Sólo puede ser una cuestión de ignorancia, a la que los autores de tan lamentables hechos han llegado tras una cortedad mental de características preocupantes. Uno se pregunta qué sentido tiene romper a pedradas los cristales de la puerta y la ventana de la mezquita de Abubacar en Huesca, su letrero luminoso, pintar una cruz gamada (¡a estas alturas!) en la fachada.

¿En qué clase de intolerantes nos hemos convertido, que tenemos que ir a destrozar el templo de nuestros convecinos de religión musulmana, para demostrar no se sabe qué odio, o qué superioridad, o para atemorizar, o para qué?. Y más aún, celebrando como lo están haciendo el Ramadán, el momento más importante del año para un musulmán.

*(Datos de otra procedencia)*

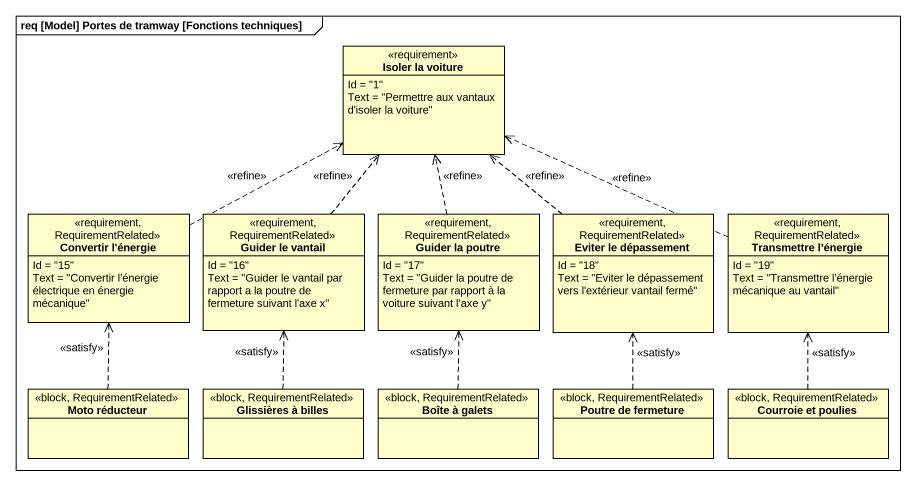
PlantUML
@startuml
mainframe req [Model] Portes de tramway [Fonctions techniques]
hide circle
hide empty members
class "Isoler la voiture" as Isoler_la_voiture <<requirement>> {
  Id = "1"
  Text = "Permettre aux vantaux d'isoler la voiture"
}
class "Convertir l'énergie" as Convertir_l_énergie <<requirement, RequirementRelated>> {
  Id = "15"
  Text = "Convertir l’énergie électrique en énergie mécanique"
}
class "Guider le vantail" as Guider_le_vantail <<requirement, RequirementRelated>> {
  Id = "16"
  Text = "Guider le vantail par rapport a la poutre de fermeture suivant l'axe x"
}
class "Guider la poutre" as Guider_la_poutre <<requirement, RequirementRelated>> {
  Id = "17"
  Text = "Guider la poutre de fermeture par rapport à la voiture suivant l’axe y"
}
class "Eviter le dépassement" as Eviter_le_dépassement <<requirement, RequirementRelated>> {
  Id = "18"
  Text = "Eviter le dépassement vers l'extérieur vantail fermé"
}
class "Transmettre l’énergie" as Transmettre_l_énergie <<requirement, RequirementRelated>> {
  Id = "19"
  Text = "Transmettre l’énergie mécanique au vantail"
}
class "Moto réducteur" as Moto_réducteur <<block, RequirementRelated>>
class "Glissières à billes" as Glissières_à_billes <<block, RequirementRelated>>
class "Boîte à galets" as Boîte_à_galets <<block, RequirementRelated>>
class "Poutre de fermeture" as Poutre_de_fermeture <<block, RequirementRelated>>
class "Courroie et poulies" as Courroie_et_poulies <<block, RequirementRelated>>
Convertir_l_énergie .right.> Isoler_la_voiture : <<refine>>
Guider_le_vantail .up.> Isoler_la_voiture : <<refine>>
Guider_la_poutre .up.> Isoler_la_voiture : <<refine>>
Eviter_le_dépassement .up.> Isoler_la_voiture : <<refine>>
Transmettre_l_énergie .left.> Isoler_la_voiture : <<refine>>
Moto_réducteur .up.> Convertir_l_énergie : <<satisfy>>
Glissières_à_billes .up.> Guider_le_vantail : <<satisfy>>
Boîte_à_galets .up.> Guider_la_poutre : <<satisfy>>
Poutre_de_fermeture .up.> Eviter_le_dépassement : <<satisfy>>
Courroie_et_poulies .up.> Transmettre_l_énergie : <<satisfy>>
@enduml

No es por dar ideas, pero esto es como si en plena época de Navidad o en Semana Santa, nos encontráramos la fachada de una iglesia llena de pintadas y pedradas. No es el mismo arte, en la mezquita hablamos de los bajos de un edificio, nada de gótico ni de barroco, pero el sentimiento es el mismo. Una serie de creyentes que tiene allí su lugar para orar, para conservar sus raíces, sus creencias, para perpetuar su fe, muy lejos de su tierra.

Nunca han causado ningún problema. Llegan, rezan y se van. Y aunque se quedaran de tertulia, ¿qué?. Que se sepa, no está prohibido en este país, y son múltiples los bajos o locales en los que hay asociaciones, grupos, colectivos..., que se reúnen y charlan, cenan, tomas copas o ven diapositivas, por poner sólo varios ejemplos.

Sólo la ignorancia, el temor absurdo a los que no son como nosotros, el aborregamiento, nos puede llevar a estas acciones indeseables que, ojalá, no se repitan. Sean sólo dos, diez o veinte los racistas que rozan la línea más baja de la inteligencia, sobran mil veces más que aquellos que llegaron aquí buscando futuro, pan y techo, y que nos guste o no, también rezan. Sólo que ellos lo hacen en una mezquita.